1943. La Segunda Guerra Mundial barre el Sudeste Asiático, con las tropas japonesas extendiéndose poco a poco desde Birmania hasta Nueva Guinea, pasando por la gran isla de Borneo. Pero el gran interior selvático de la isla, entonces la mayor extensión de bosque primario fuera de África o el Amazonas, sigue intocable y solo accesible a través de la interminable maraña de ríos que cruzan la isla. Y es hacia este interior, la antigua tierra de los “cazadores de cabezas” de Salgari, donde un joven oficial inglés, Tom Harrisson, cae en paracaídas, intentando organizar como guerrilla a los mismos hombres que la administración colonial nunca ha conseguido civilizar.

La hazaña de Harrisson ya es historia, pero los hombres que fue a buscar siguen habitando las partes altas de la Cordillera Central, los Kelabit Highlands, donde como si del mítico Shangri La se tratara. A caballo entre las fronteras de Malasia e Indonesia, los Kelabit se establecieron en la cabecera del río Baram hace cientos de años, dedicados casi exclusivamente a la caza y al cultivo de arroz de altura. Una zona y una cultura cuya visita sigue restringida al turismo y sólo accesible por aire o caminando cerca de 500 km a través de uno de los bosques más espectaculares, aún, del planeta.

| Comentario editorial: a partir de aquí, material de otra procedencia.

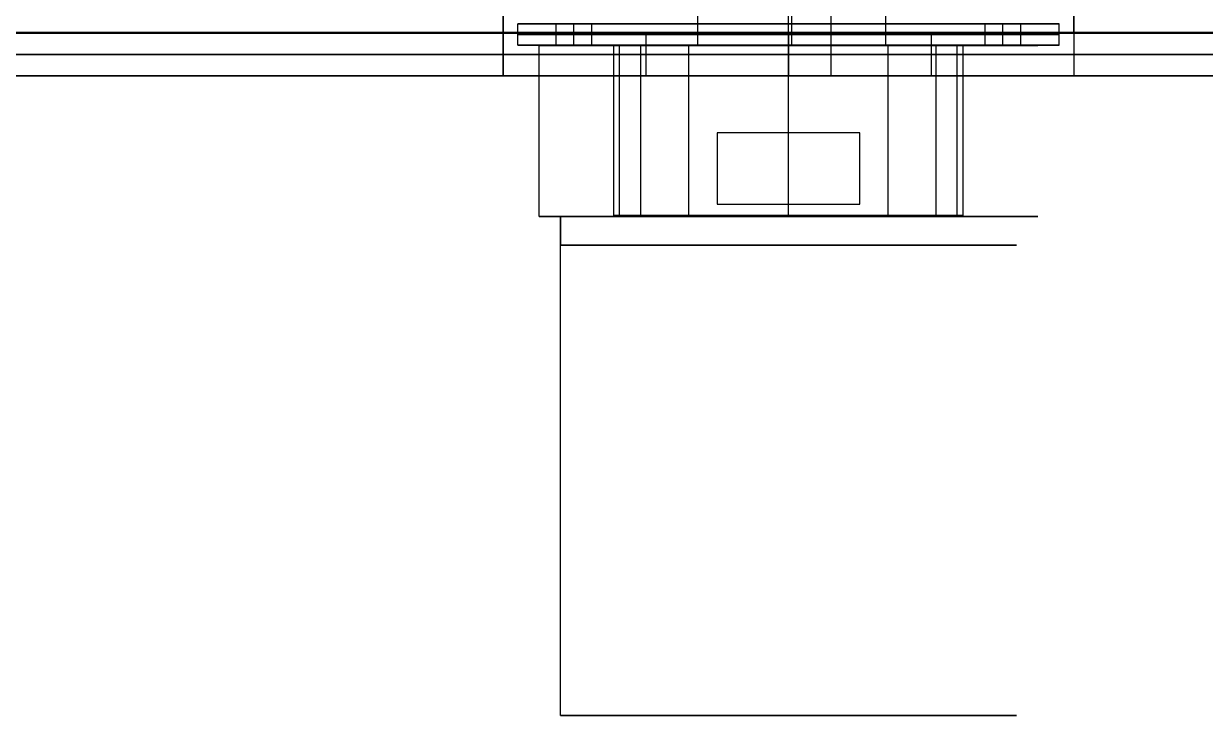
# Model space of a CAD drawing. Header units: millimetres. Extents: x 0 to 665, y 182 to 367.
# Drawn here: x 501.5 to 584.4, y 181.7 to 230.3 of the extents above; entities that cross this region are included whole.
import ezdxf

# ---------------------------------------------------------------- set-up
doc = ezdxf.new("R2010")
doc.units = ezdxf.units.MM
doc.header["$MEASUREMENT"] = 0
for name, color, linetype, true_color in [('Camera', 18, 'Continuous', 0x330000), ('Outer Case$booleaned (outer)', 251, 'Continuous', 0x4a4a4a), ('Screen', 178, 'Continuous', 0x000054)]:
    doc.layers.add(name, color=color, linetype=linetype, true_color=true_color)

msp = doc.modelspace()

# ---------------------------------------------------------------- linework, layer by layer
at = {"layer": 'Camera'}
for p, q in [((536.151, 230.251, 83.304), (574.151, 230.251, 83.304)), ((555.151, 230.251, 102.304), (555.151, 230.251, 64.304)), ((536.151, 228.751, 83.304), (574.151, 228.751, 83.304)), ((555.151, 228.751, 102.304), (555.151, 228.751, 64.304))]:
    msp.add_line(p, q, dxfattribs=at)
for points, degree in [([(548.794, 228.751, 64.304), (548.794, 228.751, 60.071), (548.794, 230.641, 55.5), (548.794, 238.08, 53.761), (548.794, 273.797, 31.802), (561.863, 257.626, 0.474)], 3), ([(555.378, 228.751, 64.304), (555.378, 228.751, 60.071), (555.378, 230.641, 55.5), (555.378, 238.08, 53.761), (555.378, 268.271, 33.735), (562.89, 257.626, 11.974)], 3), ([(563.917, 257.626, 23.474), (561.962, 262.745, 35.667), (561.962, 238.08, 53.761), (561.962, 230.641, 55.5), (561.962, 228.751, 60.071), (561.962, 228.751, 64.304)], 3), ([(536.151, 228.751, 64.304), (536.151, 229.501, 64.304), (536.151, 230.251, 64.304)], 2), ([(574.151, 230.251, 64.304), (555.151, 230.251, 64.304), (536.151, 230.251, 64.304)], 2), ([(536.151, 228.751, 102.304), (536.151, 229.501, 102.304), (536.151, 230.251, 102.304)], 2), ([(536.151, 230.251, 64.304), (536.151, 230.251, 83.304), (536.151, 230.251, 102.304)], 2), ([(536.151, 230.251, 102.304), (555.151, 230.251, 102.304), (574.151, 230.251, 102.304)], 2), ([(536.151, 228.751, 83.304), (536.151, 229.501, 83.304), (536.151, 230.251, 83.304)], 2), ([(538.851, 228.751, 68.254), (538.851, 229.501, 68.254), (538.851, 230.251, 68.254)], 2), ([(538.851, 228.751, 98.354), (538.851, 229.501, 98.354), (538.851, 230.251, 98.354)], 2), ([(540.101, 228.751, 67.004), (540.101, 229.501, 67.004), (540.101, 230.251, 67.004)], 2), ([(540.101, 228.751, 99.604), (540.101, 229.501, 99.604), (540.101, 230.251, 99.604)], 2), ([(540.101, 228.751, 69.504), (540.101, 229.501, 69.504), (540.101, 230.251, 69.504)], 2), ([(540.101, 228.751, 97.104), (540.101, 229.501, 97.104), (540.101, 230.251, 97.104)], 2), ([(541.351, 228.751, 68.254), (541.351, 229.501, 68.254), (541.351, 230.251, 68.254)], 2), ([(541.351, 228.751, 98.354), (541.351, 229.501, 98.354), (541.351, 230.251, 98.354)], 2), ([(555.151, 228.751, 64.304), (555.151, 229.501, 64.304), (555.151, 230.251, 64.304)], 2), ([(555.151, 228.751, 102.304), (555.151, 229.501, 102.304), (555.151, 230.251, 102.304)], 2), ([(568.951, 228.751, 98.354), (568.951, 229.501, 98.354), (568.951, 230.251, 98.354)], 2), ([(568.951, 228.751, 68.254), (568.951, 229.501, 68.254), (568.951, 230.251, 68.254)], 2), ([(570.201, 228.751, 99.604), (570.201, 229.501, 99.604), (570.201, 230.251, 99.604)], 2), ([(570.201, 228.751, 67.004), (570.201, 229.501, 67.004), (570.201, 230.251, 67.004)], 2), ([(570.201, 228.751, 97.104), (570.201, 229.501, 97.104), (570.201, 230.251, 97.104)], 2), ([(570.201, 228.751, 69.504), (570.201, 229.501, 69.504), (570.201, 230.251, 69.504)], 2), ([(571.451, 228.751, 98.354), (571.451, 229.501, 98.354), (571.451, 230.251, 98.354)], 2), ([(571.451, 228.751, 68.254), (571.451, 229.501, 68.254), (571.451, 230.251, 68.254)], 2), ([(574.151, 228.751, 64.304), (574.151, 229.501, 64.304), (574.151, 230.251, 64.304)], 2), ([(574.151, 228.751, 102.304), (574.151, 229.501, 102.304), (574.151, 230.251, 102.304)], 2), ([(574.151, 230.251, 102.304), (574.151, 230.251, 83.304), (574.151, 230.251, 64.304)], 2), ([(574.151, 228.751, 83.304), (574.151, 229.501, 83.304), (574.151, 230.251, 83.304)], 2), ([(574.151, 229.501, 64.304), (555.151, 229.501, 64.304), (536.151, 229.501, 64.304)], 2), ([(536.151, 229.501, 64.304), (536.151, 229.501, 83.304), (536.151, 229.501, 102.304)], 2), ([(536.151, 229.501, 102.304), (555.151, 229.501, 102.304), (574.151, 229.501, 102.304)], 2), ([(574.151, 229.501, 102.304), (574.151, 229.501, 83.304), (574.151, 229.501, 64.304)], 2), ([(574.151, 228.751, 64.304), (555.151, 228.751, 64.304), (536.151, 228.751, 64.304)], 2), ([(536.151, 228.751, 64.304), (536.151, 228.751, 83.304), (536.151, 228.751, 102.304)], 2), ([(536.151, 228.751, 102.304), (555.151, 228.751, 102.304), (574.151, 228.751, 102.304)], 2), ([(537.651, 216.718, 83.304), (537.651, 222.718, 83.304), (537.651, 228.718, 83.304)], 2), ([(542.901, 216.803, 70.822), (542.901, 222.777, 70.822), (542.901, 228.751, 70.822)], 2), ([(543.305, 228.751, 66.521), (543.103, 228.751, 68.672), (542.901, 228.751, 70.822)], 2), ([(542.901, 228.751, 70.822), (543.843, 228.751, 71.604), (544.786, 228.751, 72.386)], 2), ([(543.305, 216.803, 66.521), (543.305, 222.777, 66.521), (543.305, 228.751, 66.521)], 2), ([(548.151, 228.751, 64.045), (545.728, 228.751, 65.283), (543.305, 228.751, 66.521)], 2), ([(544.786, 216.803, 72.386), (544.786, 222.777, 72.386), (544.786, 228.751, 72.386)], 2), ([(544.786, 228.751, 72.386), (555.151, 228.751, 72.386), (565.516, 228.751, 72.386)], 2), ([(548.151, 216.803, 56.096), (548.151, 222.777, 56.096), (548.151, 228.751, 56.096)], 2), ([(555.151, 228.751, 56.096), (551.651, 228.751, 56.096), (548.151, 228.751, 56.096)], 2), ([(548.151, 216.803, 64.045), (548.151, 222.777, 64.045), (548.151, 228.751, 64.045)], 2), ([(548.151, 228.751, 56.096), (548.151, 228.751, 60.071), (548.151, 228.751, 64.045)], 2), ([(561.962, 228.751, 64.304), (557.573, 228.751, 64.304), (553.183, 228.751, 64.304), (548.794, 228.751, 64.304)], 3), ([(555.151, 216.803, 56.096), (555.151, 222.777, 56.096), (555.151, 228.751, 56.096)], 2), ([(562.151, 228.751, 56.096), (558.651, 228.751, 56.096), (555.151, 228.751, 56.096)], 2), ([(562.151, 216.803, 64.045), (562.151, 222.777, 64.045), (562.151, 228.751, 64.045)], 2), ([(566.997, 228.751, 66.521), (564.574, 228.751, 65.283), (562.151, 228.751, 64.045)], 2), ([(562.151, 216.803, 56.096), (562.151, 222.777, 56.096), (562.151, 228.751, 56.096)], 2), ([(562.151, 228.751, 64.045), (562.151, 228.751, 60.071), (562.151, 228.751, 56.096)], 2), ([(565.516, 216.803, 72.386), (565.516, 222.777, 72.386), (565.516, 228.751, 72.386)], 2), ([(565.516, 228.751, 72.386), (566.459, 228.751, 71.604), (567.401, 228.751, 70.822)], 2), ([(566.997, 216.803, 66.521), (566.997, 222.777, 66.521), (566.997, 228.751, 66.521)], 2), ([(567.401, 228.751, 70.822), (567.199, 228.751, 68.672), (566.997, 228.751, 66.521)], 2), ([(567.401, 216.803, 70.822), (567.401, 222.777, 70.822), (567.401, 228.751, 70.822)], 2), ([(574.151, 228.751, 102.304), (574.151, 228.751, 83.304), (574.151, 228.751, 64.304)], 2), ([(560.151, 222.582, 99.973), (555.151, 222.582, 99.973), (550.151, 222.582, 99.973)], 2), ([(550.151, 222.582, 99.973), (550.151, 222.582, 102.473), (550.151, 222.582, 104.973)], 2), ([(560.151, 222.582, 104.973), (555.151, 222.582, 104.973), (550.151, 222.582, 104.973)], 2), ([(550.151, 222.582, 99.973), (550.151, 220.082, 99.973), (550.151, 217.582, 99.973)], 2), ([(550.151, 222.582, 104.973), (550.151, 220.082, 104.973), (550.151, 217.582, 104.973)], 2), ([(560.151, 217.582, 99.973), (560.151, 220.082, 99.973), (560.151, 222.582, 99.973)], 2), ([(560.151, 222.582, 99.973), (560.151, 222.582, 102.473), (560.151, 222.582, 104.973)], 2), ([(560.151, 217.582, 104.973), (560.151, 220.082, 104.973), (560.151, 222.582, 104.973)], 2), ([(550.151, 217.582, 99.973), (555.151, 217.582, 99.973), (560.151, 217.582, 99.973)], 2), ([(550.151, 217.582, 104.973), (555.151, 217.582, 104.973), (560.151, 217.582, 104.973)], 2), ([(550.151, 217.582, 99.973), (550.151, 217.582, 102.473), (550.151, 217.582, 104.973)], 2), ([(560.151, 217.582, 99.973), (560.151, 217.582, 102.473), (560.151, 217.582, 104.973)], 2), ([(539.151, 181.718, 83.304), (539.151, 199.218, 83.304), (539.151, 216.718, 83.304)], 2), ([(539.151, 216.718, 83.304), (539.151, 215.718, 83.304), (539.151, 214.718, 83.304)], 2), ([(543.305, 216.803, 66.521), (543.103, 216.803, 68.672), (542.901, 216.803, 70.822)], 2), ([(542.901, 216.803, 70.822), (543.843, 216.803, 71.604), (544.786, 216.803, 72.386)], 2), ([(548.151, 216.803, 64.045), (545.728, 216.803, 65.283), (543.305, 216.803, 66.521)], 2), ([(544.786, 216.803, 72.386), (555.151, 216.803, 72.386), (565.516, 216.803, 72.386)], 2), ([(555.151, 216.803, 56.096), (551.651, 216.803, 56.096), (548.151, 216.803, 56.096)], 2), ([(548.151, 216.803, 56.096), (548.151, 216.803, 60.071), (548.151, 216.803, 64.045)], 2), ([(562.151, 216.803, 56.096), (558.651, 216.803, 56.096), (555.151, 216.803, 56.096)], 2), ([(566.997, 216.803, 66.521), (564.574, 216.803, 65.283), (562.151, 216.803, 64.045)], 2), ([(562.151, 216.803, 64.045), (562.151, 216.803, 60.071), (562.151, 216.803, 56.096)], 2), ([(565.516, 216.803, 72.386), (566.459, 216.803, 71.604), (567.401, 216.803, 70.822)], 2), ([(567.401, 216.803, 70.822), (567.199, 216.803, 68.672), (566.997, 216.803, 66.521)], 2)]:
    msp.add_open_spline(points, degree=degree, dxfattribs=at)
at = {"layer": 'Camera', "extrusion": (0, -1, 0)}
for points, knots in [([(540.101, 230.251, 67.004), (541.351, 230.251, 67.004), (541.351, 230.251, 68.254), (541.351, 230.251, 69.504), (540.101, 230.251, 69.504), (538.851, 230.251, 69.504), (538.851, 230.251, 68.254), (538.851, 230.251, 67.004), (540.101, 230.251, 67.004)], [-7.853982, -7.853982, -7.853982, -5.890486, -5.890486, -3.926991, -3.926991, -1.963495, -1.963495, 0, 0, 0]), ([(570.201, 230.251, 67.004), (571.451, 230.251, 67.004), (571.451, 230.251, 68.254), (571.451, 230.251, 69.504), (570.201, 230.251, 69.504), (568.951, 230.251, 69.504), (568.951, 230.251, 68.254), (568.951, 230.251, 67.004), (570.201, 230.251, 67.004)], [0, 0, 0, 1.963495, 1.963495, 3.926991, 3.926991, 5.890486, 5.890486, 7.853982, 7.853982, 7.853982]), ([(540.101, 228.751, 67.004), (541.351, 228.751, 67.004), (541.351, 228.751, 68.254), (541.351, 228.751, 69.504), (540.101, 228.751, 69.504), (538.851, 228.751, 69.504), (538.851, 228.751, 68.254), (538.851, 228.751, 67.004), (540.101, 228.751, 67.004)], [-7.853982, -7.853982, -7.853982, -5.890486, -5.890486, -3.926991, -3.926991, -1.963495, -1.963495, 0, 0, 0]), ([(570.201, 228.751, 67.004), (571.451, 228.751, 67.004), (571.451, 228.751, 68.254), (571.451, 228.751, 69.504), (570.201, 228.751, 69.504), (568.951, 228.751, 69.504), (568.951, 228.751, 68.254), (568.951, 228.751, 67.004), (570.201, 228.751, 67.004)], [0, 0, 0, 1.963495, 1.963495, 3.926991, 3.926991, 5.890486, 5.890486, 7.853982, 7.853982, 7.853982])]:
    msp.add_rational_spline(points, [1, 0.707106781187, 1, 0.707106781187, 1, 0.707106781187, 1, 0.707106781187, 1], degree=2, knots=knots, dxfattribs=at)
at = {"layer": 'Camera', "extrusion": (0, 1, 0)}
for points, knots in [([(540.101, 230.251, 99.604), (538.851, 230.251, 99.604), (538.851, 230.251, 98.354), (538.851, 230.251, 97.104), (540.101, 230.251, 97.104), (541.351, 230.251, 97.104), (541.351, 230.251, 98.354), (541.351, 230.251, 99.604), (540.101, 230.251, 99.604)], [0, 0, 0, 1.963495, 1.963495, 3.926991, 3.926991, 5.890486, 5.890486, 7.853982, 7.853982, 7.853982]), ([(570.201, 230.251, 99.604), (568.951, 230.251, 99.604), (568.951, 230.251, 98.354), (568.951, 230.251, 97.104), (570.201, 230.251, 97.104), (571.451, 230.251, 97.104), (571.451, 230.251, 98.354), (571.451, 230.251, 99.604), (570.201, 230.251, 99.604)], [-7.853982, -7.853982, -7.853982, -5.890486, -5.890486, -3.926991, -3.926991, -1.963495, -1.963495, 0, 0, 0]), ([(537.651, 228.718, 83.304), (537.651, 228.718, 100.804), (555.151, 228.718, 100.804), (572.651, 228.718, 100.804), (572.651, 228.718, 83.304), (572.651, 228.718, 65.804), (555.151, 228.718, 65.804), (537.651, 228.718, 65.804), (537.651, 228.718, 83.304)], [0, 0, 0, 27.488936, 27.488936, 54.977871, 54.977871, 82.466807, 82.466807, 109.955743, 109.955743, 109.955743]), ([(540.101, 228.751, 99.604), (538.851, 228.751, 99.604), (538.851, 228.751, 98.354), (538.851, 228.751, 97.104), (540.101, 228.751, 97.104), (541.351, 228.751, 97.104), (541.351, 228.751, 98.354), (541.351, 228.751, 99.604), (540.101, 228.751, 99.604)], [0, 0, 0, 1.963495, 1.963495, 3.926991, 3.926991, 5.890486, 5.890486, 7.853982, 7.853982, 7.853982]), ([(570.201, 228.751, 99.604), (568.951, 228.751, 99.604), (568.951, 228.751, 98.354), (568.951, 228.751, 97.104), (570.201, 228.751, 97.104), (571.451, 228.751, 97.104), (571.451, 228.751, 98.354), (571.451, 228.751, 99.604), (570.201, 228.751, 99.604)], [-7.853982, -7.853982, -7.853982, -5.890486, -5.890486, -3.926991, -3.926991, -1.963495, -1.963495, 0, 0, 0]), ([(537.651, 216.718, 83.304), (537.651, 216.718, 100.804), (555.151, 216.718, 100.804), (572.651, 216.718, 100.804), (572.651, 216.718, 83.304), (572.651, 216.718, 65.804), (555.151, 216.718, 65.804), (537.651, 216.718, 65.804), (537.651, 216.718, 83.304)], [0, 0, 0, 27.488936, 27.488936, 54.977871, 54.977871, 82.466807, 82.466807, 109.955743, 109.955743, 109.955743]), ([(539.151, 216.718, 83.304), (539.151, 216.718, 99.304), (555.151, 216.718, 99.304), (571.151, 216.718, 99.304), (571.151, 216.718, 83.304), (571.151, 216.718, 67.304), (555.151, 216.718, 67.304), (539.151, 216.718, 67.304), (539.151, 216.718, 83.304)], [0, 0, 0, 25.132741, 25.132741, 50.265482, 50.265482, 75.398224, 75.398224, 100.530965, 100.530965, 100.530965]), ([(539.151, 216.718, 83.304), (539.151, 216.718, 67.304), (555.151, 216.718, 67.304), (571.151, 216.718, 67.304), (571.151, 216.718, 83.304), (571.151, 216.718, 99.304), (555.151, 216.718, 99.304), (539.151, 216.718, 99.304), (539.151, 216.718, 83.304)], [-100.530965, -100.530965, -100.530965, -75.398224, -75.398224, -50.265482, -50.265482, -25.132741, -25.132741, 0, 0, 0]), ([(539.151, 214.718, 83.304), (539.151, 214.718, 67.304), (555.151, 214.718, 67.304), (571.151, 214.718, 67.304), (571.151, 214.718, 83.304), (571.151, 214.718, 99.304), (555.151, 214.718, 99.304), (539.151, 214.718, 99.304), (539.151, 214.718, 83.304)], [-100.530965, -100.530965, -100.530965, -75.398224, -75.398224, -50.265482, -50.265482, -25.132741, -25.132741, 0, 0, 0]), ([(539.151, 181.718, 83.304), (539.151, 181.718, 99.304), (555.151, 181.718, 99.304), (571.151, 181.718, 99.304), (571.151, 181.718, 83.304), (571.151, 181.718, 67.304), (555.151, 181.718, 67.304), (539.151, 181.718, 67.304), (539.151, 181.718, 83.304)], [0, 0, 0, 25.132741, 25.132741, 50.265482, 50.265482, 75.398224, 75.398224, 100.530965, 100.530965, 100.530965])]:
    msp.add_rational_spline(points, [1, 0.707106781187, 1, 0.707106781187, 1, 0.707106781187, 1, 0.707106781187, 1], degree=2, knots=knots, dxfattribs=at)
at = {"layer": 'Outer Case$booleaned (outer)'}
for p, q in [((555.151, 229.583, -65.5), (555.151, 247.238, -65.5)), ((555.151, 229.583, 50.5), (555.151, 229.583, 39.5)), ((555.151, 229.583, -47.5), (555.151, 229.583, -65.5)), ((555.151, 226.583, 50.5), (555.151, 226.583, 39.5)), ((555.151, 226.583, -47.5), (555.151, 226.583, -65.5))]:
    msp.add_line(p, q, dxfattribs=at)
for points in [[(535.133, 226.583, 70.5), (535.133, 232.554, 70.5), (535.133, 238.525, 70.5)], [(535.133, 238.525, 67.5), (535.133, 234.054, 67.5), (535.133, 229.583, 67.5)], [(575.169, 238.525, 70.5), (575.169, 232.554, 70.5), (575.169, 226.583, 70.5)], [(575.169, 229.583, 67.5), (575.169, 234.054, 67.5), (575.169, 238.525, 67.5)], [(558.151, 226.583, -74.442), (558.151, 229.583, -74.442), (558.151, 232.583, -74.442)], [(451.651, 229.583, -65.5), (555.151, 229.583, -65.5), (658.651, 229.583, -65.5)], [(535.133, 229.583, 67.5), (493.392, 229.583, 67.5), (451.651, 229.583, 67.5)], [(454.651, 229.583, -74.442), (555.151, 229.583, -74.442), (655.651, 229.583, -74.442)], [(632.651, 229.583, -47.5), (555.151, 229.583, -47.5), (477.651, 229.583, -47.5)], [(477.651, 229.583, 39.5), (555.151, 229.583, 39.5), (632.651, 229.583, 39.5)], [(555.151, 229.583, 50.5), (545.142, 229.583, 50.5), (535.133, 229.583, 50.5)], [(535.133, 229.583, 50.5), (535.133, 228.083, 50.5), (535.133, 226.583, 50.5)], [(535.133, 229.583, 50.5), (535.133, 229.583, 59), (535.133, 229.583, 67.5)], [(535.133, 229.583, 67.5), (535.133, 228.083, 67.5), (535.133, 226.583, 67.5)], [(535.133, 229.583, 59), (535.133, 228.083, 59), (535.133, 226.583, 59)], [(545.142, 229.583, 50.5), (545.142, 228.083, 50.5), (545.142, 226.583, 50.5)], [(555.151, 229.583, 50.5), (555.151, 228.083, 50.5), (555.151, 226.583, 50.5)], [(575.169, 229.583, 50.5), (565.16, 229.583, 50.5), (555.151, 229.583, 50.5)], [(555.151, 229.583, -47.5), (555.151, 228.083, -47.5), (555.151, 226.583, -47.5)], [(555.151, 229.583, 39.5), (555.151, 228.083, 39.5), (555.151, 226.583, 39.5)], [(565.16, 229.583, 50.5), (565.16, 228.083, 50.5), (565.16, 226.583, 50.5)], [(575.169, 229.583, 67.5), (575.169, 228.083, 67.5), (575.169, 226.583, 67.5)], [(575.169, 229.583, 67.5), (575.169, 229.583, 59), (575.169, 229.583, 50.5)], [(575.169, 229.583, 50.5), (575.169, 228.083, 50.5), (575.169, 226.583, 50.5)], [(658.651, 229.583, 67.5), (616.91, 229.583, 67.5), (575.169, 229.583, 67.5)], [(575.169, 229.583, 59), (575.169, 228.083, 59), (575.169, 226.583, 59)], [(632.651, 228.083, -47.5), (555.151, 228.083, -47.5), (477.651, 228.083, -47.5)], [(477.651, 228.083, 39.5), (555.151, 228.083, 39.5), (632.651, 228.083, 39.5)], [(555.151, 228.083, 50.5), (545.142, 228.083, 50.5), (535.133, 228.083, 50.5)], [(535.133, 228.083, 50.5), (535.133, 228.083, 59), (535.133, 228.083, 67.5)], [(575.169, 228.083, 50.5), (565.16, 228.083, 50.5), (555.151, 228.083, 50.5)], [(575.169, 228.083, 67.5), (575.169, 228.083, 59), (575.169, 228.083, 50.5)], [(535.133, 227.256, 70.5), (535.133, 227.256, 69), (535.133, 227.256, 67.5)], [(575.169, 227.256, 70.5), (575.169, 227.256, 69), (575.169, 227.256, 67.5)], [(535.133, 226.583, 70.5), (491.892, 226.583, 70.5), (448.651, 226.583, 70.5)], [(535.133, 226.583, 69), (491.892, 226.583, 69), (448.651, 226.583, 69)], [(661.651, 226.583, -67), (555.151, 226.583, -67), (448.651, 226.583, -67)], [(535.133, 226.583, 67.5), (493.392, 226.583, 67.5), (451.651, 226.583, 67.5)], [(658.651, 226.583, -65.5), (555.151, 226.583, -65.5), (451.651, 226.583, -65.5)], [(454.651, 226.583, -74.442), (555.151, 226.583, -74.442), (655.651, 226.583, -74.442)], [(661.651, 226.583, -68.442), (558.151, 226.583, -68.442), (454.651, 226.583, -68.442)], [(655.651, 226.583, -68.5), (555.151, 226.583, -68.5), (454.651, 226.583, -68.5)], [(454.651, 226.583, -71.442), (555.151, 226.583, -71.442), (655.651, 226.583, -71.442)], [(632.651, 226.583, -47.5), (555.151, 226.583, -47.5), (477.651, 226.583, -47.5)], [(477.651, 226.583, 39.5), (555.151, 226.583, 39.5), (632.651, 226.583, 39.5)], [(535.133, 226.583, 67.5), (535.133, 226.583, 69), (535.133, 226.583, 70.5)], [(555.151, 226.583, 50.5), (545.142, 226.583, 50.5), (535.133, 226.583, 50.5)], [(535.133, 226.583, 50.5), (535.133, 226.583, 59), (535.133, 226.583, 67.5)], [(575.169, 226.583, 50.5), (565.16, 226.583, 50.5), (555.151, 226.583, 50.5)], [(555.151, 226.583, -65.5), (555.151, 226.583, -66.971), (555.151, 226.583, -68.442)], [(558.151, 226.583, -68.5), (558.151, 226.583, -71.471), (558.151, 226.583, -74.442)], [(558.151, 226.583, -68.442), (558.151, 226.583, -68.471), (558.151, 226.583, -68.5)], [(661.651, 226.583, 70.5), (618.41, 226.583, 70.5), (575.169, 226.583, 70.5)], [(575.169, 226.583, 70.5), (575.169, 226.583, 69), (575.169, 226.583, 67.5)], [(575.169, 226.583, 67.5), (575.169, 226.583, 59), (575.169, 226.583, 50.5)], [(658.651, 226.583, 67.5), (616.91, 226.583, 67.5), (575.169, 226.583, 67.5)], [(661.651, 226.583, 69), (618.41, 226.583, 69), (575.169, 226.583, 69)]]:
    msp.add_open_spline(points, degree=2, dxfattribs=at)
at = {"layer": 'Screen'}
for points in [[(651.651, 229.641, -55.5), (555.151, 229.641, -55.5), (458.651, 229.641, -55.5)], [(458.651, 229.641, 55.5), (555.151, 229.641, 55.5), (651.651, 229.641, 55.5)]]:
    msp.add_open_spline(points, degree=2, dxfattribs=at)

doc.saveas('drawing.dxf')

partimos a la ascensión de su montaña sagrada y en busca de rastros de los Penan, los originales habitantes de Borneo, los verdaderos hombres de la selva

La ascensión al Murud comienza muy de mañana.  Junto con Joe Layan, mi guía Kelabit, partimos a la ascensión de su montaña sagrada y en busca de rastros de los Penan, los originales habitantes de Borneo, los verdaderos hombres de la selva. Cruzamos varios ríos por improvisados troncos gigantescos lanzados a través del cauce. Una vegetación no muy densa nos rodea. Estamos en el límite de una de las mayores concesiones madereras del mundo, que poco a poco destroza las escasas zonas de bosque primario original que Harrisson pudo contemplar hace más de 60 años.

Durante las noches, en los campamentos improvisados donde tendemos nuestras hamacas, podemos observar, con el trasfondo de la luz de los relámpagos de las alucinantes tormentas que barren el bosque, el resplandor lejano de los campamentos de tala, perdidos en la enorme extensión verde y completamente desconectados del resto del mundo.

Poco a poco ganamos altura, ayudándonos de las raíces aéreas de las higueras primigenias, alcanzando poco después del amanecer la cima del pico, desde donde el bosque se despliega ante nosotros con las líneas de la cordillera como olas en este mar esmeralda de árboles. Empezamos el descenso destrepando por la ladera hasta un pequeño riachuelo. Junto a la orilla, dos pequeñas figuras ahúman un pedazo de carne. Un “babi”, un pequeño cerdo cazado por estos dos personajes pequeños, más pálidos que los Kelabit o los Kayak de la costa. Penan.

Esa noche la pasamos junto a ellos, en un pequeño refugio de hojas de ratan, donde otros Penan acuden. No entiendo nada de los que hablan y Joe apenas algunos retazos, pero estoy sorprendido de la enorme locuacidad de todo el grupo. A falta de cualquier medio moderno de comunicación, es a través del habla, de las canciones que las madres cantan y los cuentos que los ancianos musitan, como se transmite la tradición Penan.

Una imagen que Harrisson no llegó a contemplar en aquel su mundo en guerra, una imagen de uno de los últimos lugares de la Tierra, con mayúsculas.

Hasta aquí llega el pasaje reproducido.